▶ [Aim of the task]: Would you output the entries below only from the line containing "#131=CYLINDRICAL_SURFACE('',#130,2.);" through the line containing "#140=MANIFOLD_SOLID_BREP('B2',#139);", exactly as they stand and with both ends included?

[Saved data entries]
• • • • • • •

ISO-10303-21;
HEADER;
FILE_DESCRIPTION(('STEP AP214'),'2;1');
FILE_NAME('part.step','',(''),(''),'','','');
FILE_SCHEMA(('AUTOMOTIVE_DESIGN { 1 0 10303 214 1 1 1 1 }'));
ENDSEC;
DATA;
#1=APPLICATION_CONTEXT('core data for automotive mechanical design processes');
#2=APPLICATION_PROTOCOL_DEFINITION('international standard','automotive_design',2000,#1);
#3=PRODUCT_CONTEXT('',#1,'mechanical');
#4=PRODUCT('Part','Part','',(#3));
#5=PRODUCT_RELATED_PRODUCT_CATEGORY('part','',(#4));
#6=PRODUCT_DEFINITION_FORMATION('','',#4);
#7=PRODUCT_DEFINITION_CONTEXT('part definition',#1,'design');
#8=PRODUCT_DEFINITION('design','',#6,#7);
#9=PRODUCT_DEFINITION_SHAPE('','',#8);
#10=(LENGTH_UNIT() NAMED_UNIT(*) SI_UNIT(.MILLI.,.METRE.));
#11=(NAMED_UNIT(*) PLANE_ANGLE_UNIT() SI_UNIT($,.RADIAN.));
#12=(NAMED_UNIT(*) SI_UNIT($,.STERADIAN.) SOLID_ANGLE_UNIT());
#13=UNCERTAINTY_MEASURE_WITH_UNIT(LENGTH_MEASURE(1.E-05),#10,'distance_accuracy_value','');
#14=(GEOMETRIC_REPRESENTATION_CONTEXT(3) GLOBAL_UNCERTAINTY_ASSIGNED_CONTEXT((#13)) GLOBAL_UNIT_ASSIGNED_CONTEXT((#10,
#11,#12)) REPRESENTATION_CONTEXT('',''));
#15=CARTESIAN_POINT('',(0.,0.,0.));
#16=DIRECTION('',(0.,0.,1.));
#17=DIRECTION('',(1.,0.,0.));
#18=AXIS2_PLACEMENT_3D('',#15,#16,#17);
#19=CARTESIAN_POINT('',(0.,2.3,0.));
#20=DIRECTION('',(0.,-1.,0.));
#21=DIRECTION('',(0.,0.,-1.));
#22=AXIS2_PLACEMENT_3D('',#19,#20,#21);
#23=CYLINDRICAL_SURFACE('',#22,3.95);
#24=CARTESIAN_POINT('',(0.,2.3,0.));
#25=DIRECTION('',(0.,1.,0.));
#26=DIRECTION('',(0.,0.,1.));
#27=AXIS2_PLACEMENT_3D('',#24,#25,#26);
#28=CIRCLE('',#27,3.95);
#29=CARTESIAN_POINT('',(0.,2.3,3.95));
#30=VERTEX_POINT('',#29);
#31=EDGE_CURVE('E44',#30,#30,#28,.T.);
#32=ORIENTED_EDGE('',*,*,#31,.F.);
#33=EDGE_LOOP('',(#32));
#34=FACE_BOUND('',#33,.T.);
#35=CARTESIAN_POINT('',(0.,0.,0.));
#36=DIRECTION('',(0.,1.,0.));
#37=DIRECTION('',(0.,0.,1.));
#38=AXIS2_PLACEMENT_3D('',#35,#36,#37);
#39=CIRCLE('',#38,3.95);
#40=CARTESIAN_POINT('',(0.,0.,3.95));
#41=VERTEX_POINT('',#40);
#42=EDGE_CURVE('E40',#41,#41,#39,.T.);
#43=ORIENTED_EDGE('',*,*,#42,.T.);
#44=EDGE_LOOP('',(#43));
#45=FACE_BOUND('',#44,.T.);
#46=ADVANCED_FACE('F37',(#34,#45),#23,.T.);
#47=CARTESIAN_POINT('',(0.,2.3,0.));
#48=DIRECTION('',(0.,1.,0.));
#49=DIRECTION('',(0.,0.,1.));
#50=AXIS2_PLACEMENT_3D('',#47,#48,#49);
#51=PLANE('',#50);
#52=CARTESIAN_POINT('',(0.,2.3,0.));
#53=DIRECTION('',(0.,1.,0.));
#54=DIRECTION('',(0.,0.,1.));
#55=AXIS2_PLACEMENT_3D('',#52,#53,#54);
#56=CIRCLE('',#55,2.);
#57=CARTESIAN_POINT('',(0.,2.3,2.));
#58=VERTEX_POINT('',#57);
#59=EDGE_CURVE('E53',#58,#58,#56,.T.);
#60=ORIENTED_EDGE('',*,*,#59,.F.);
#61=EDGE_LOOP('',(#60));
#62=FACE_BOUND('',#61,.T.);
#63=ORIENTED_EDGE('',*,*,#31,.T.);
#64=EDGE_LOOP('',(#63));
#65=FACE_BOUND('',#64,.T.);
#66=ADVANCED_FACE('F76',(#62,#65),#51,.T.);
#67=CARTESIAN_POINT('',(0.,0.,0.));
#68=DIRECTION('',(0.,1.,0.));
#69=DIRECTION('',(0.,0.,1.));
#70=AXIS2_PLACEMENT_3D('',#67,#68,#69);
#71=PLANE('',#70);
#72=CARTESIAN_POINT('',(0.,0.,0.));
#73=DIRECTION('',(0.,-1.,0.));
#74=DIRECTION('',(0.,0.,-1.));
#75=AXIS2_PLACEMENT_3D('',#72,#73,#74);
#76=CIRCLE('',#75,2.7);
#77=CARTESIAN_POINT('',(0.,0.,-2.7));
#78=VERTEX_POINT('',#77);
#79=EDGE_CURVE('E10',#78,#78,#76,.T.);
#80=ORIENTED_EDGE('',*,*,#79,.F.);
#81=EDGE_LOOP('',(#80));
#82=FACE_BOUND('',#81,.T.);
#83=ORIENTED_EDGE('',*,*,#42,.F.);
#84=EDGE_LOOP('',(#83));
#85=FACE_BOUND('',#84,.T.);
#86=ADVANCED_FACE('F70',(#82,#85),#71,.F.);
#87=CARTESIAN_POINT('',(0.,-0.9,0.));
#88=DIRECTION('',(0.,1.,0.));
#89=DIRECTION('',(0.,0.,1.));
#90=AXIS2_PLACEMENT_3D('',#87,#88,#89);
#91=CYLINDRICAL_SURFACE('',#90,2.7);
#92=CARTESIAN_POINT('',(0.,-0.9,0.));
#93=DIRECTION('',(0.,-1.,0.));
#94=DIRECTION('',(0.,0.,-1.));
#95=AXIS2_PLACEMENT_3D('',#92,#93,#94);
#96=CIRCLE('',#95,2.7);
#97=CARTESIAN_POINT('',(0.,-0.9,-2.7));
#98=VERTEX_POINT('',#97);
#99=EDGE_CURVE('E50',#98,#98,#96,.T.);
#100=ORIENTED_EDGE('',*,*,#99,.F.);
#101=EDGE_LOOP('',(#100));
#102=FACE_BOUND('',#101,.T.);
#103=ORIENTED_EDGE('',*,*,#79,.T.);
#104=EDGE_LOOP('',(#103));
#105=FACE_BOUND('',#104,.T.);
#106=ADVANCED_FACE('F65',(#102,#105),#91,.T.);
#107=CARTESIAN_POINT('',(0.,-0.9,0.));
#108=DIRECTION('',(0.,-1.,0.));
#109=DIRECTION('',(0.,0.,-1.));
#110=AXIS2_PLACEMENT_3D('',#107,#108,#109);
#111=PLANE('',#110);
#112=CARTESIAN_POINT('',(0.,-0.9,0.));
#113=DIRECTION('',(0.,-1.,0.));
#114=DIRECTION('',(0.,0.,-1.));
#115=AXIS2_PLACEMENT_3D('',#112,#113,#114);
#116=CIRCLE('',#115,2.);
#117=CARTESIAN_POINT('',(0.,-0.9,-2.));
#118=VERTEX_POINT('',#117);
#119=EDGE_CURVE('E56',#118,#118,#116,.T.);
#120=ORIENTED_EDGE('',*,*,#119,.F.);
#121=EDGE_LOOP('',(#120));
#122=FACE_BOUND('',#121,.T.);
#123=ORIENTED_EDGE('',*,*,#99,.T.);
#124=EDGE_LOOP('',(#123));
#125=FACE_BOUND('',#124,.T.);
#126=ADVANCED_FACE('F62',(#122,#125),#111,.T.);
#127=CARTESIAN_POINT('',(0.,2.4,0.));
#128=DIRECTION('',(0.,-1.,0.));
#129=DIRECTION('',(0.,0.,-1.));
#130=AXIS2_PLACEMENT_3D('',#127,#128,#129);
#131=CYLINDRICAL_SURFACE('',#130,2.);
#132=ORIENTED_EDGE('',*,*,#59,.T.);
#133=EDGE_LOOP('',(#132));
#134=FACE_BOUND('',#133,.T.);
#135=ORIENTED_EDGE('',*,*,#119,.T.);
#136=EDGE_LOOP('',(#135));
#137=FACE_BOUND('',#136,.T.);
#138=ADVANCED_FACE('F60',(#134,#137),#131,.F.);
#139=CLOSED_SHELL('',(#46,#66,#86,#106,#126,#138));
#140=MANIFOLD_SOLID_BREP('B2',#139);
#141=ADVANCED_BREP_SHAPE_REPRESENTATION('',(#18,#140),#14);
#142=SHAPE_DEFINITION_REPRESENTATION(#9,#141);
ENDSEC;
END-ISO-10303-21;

• • • • • • •

▶ [Response for this exercise]:
#131=CYLINDRICAL_SURFACE('',#130,2.);
#132=ORIENTED_EDGE('',*,*,#59,.T.);
#133=EDGE_LOOP('',(#132));
#134=FACE_BOUND('',#133,.T.);
#135=ORIENTED_EDGE('',*,*,#119,.T.);
#136=EDGE_LOOP('',(#135));
#137=FACE_BOUND('',#136,.T.);
#138=ADVANCED_FACE('F60',(#134,#137),#131,.F.);
#139=CLOSED_SHELL('',(#46,#66,#86,#106,#126,#138));
#140=MANIFOLD_SOLID_BREP('B2',#139);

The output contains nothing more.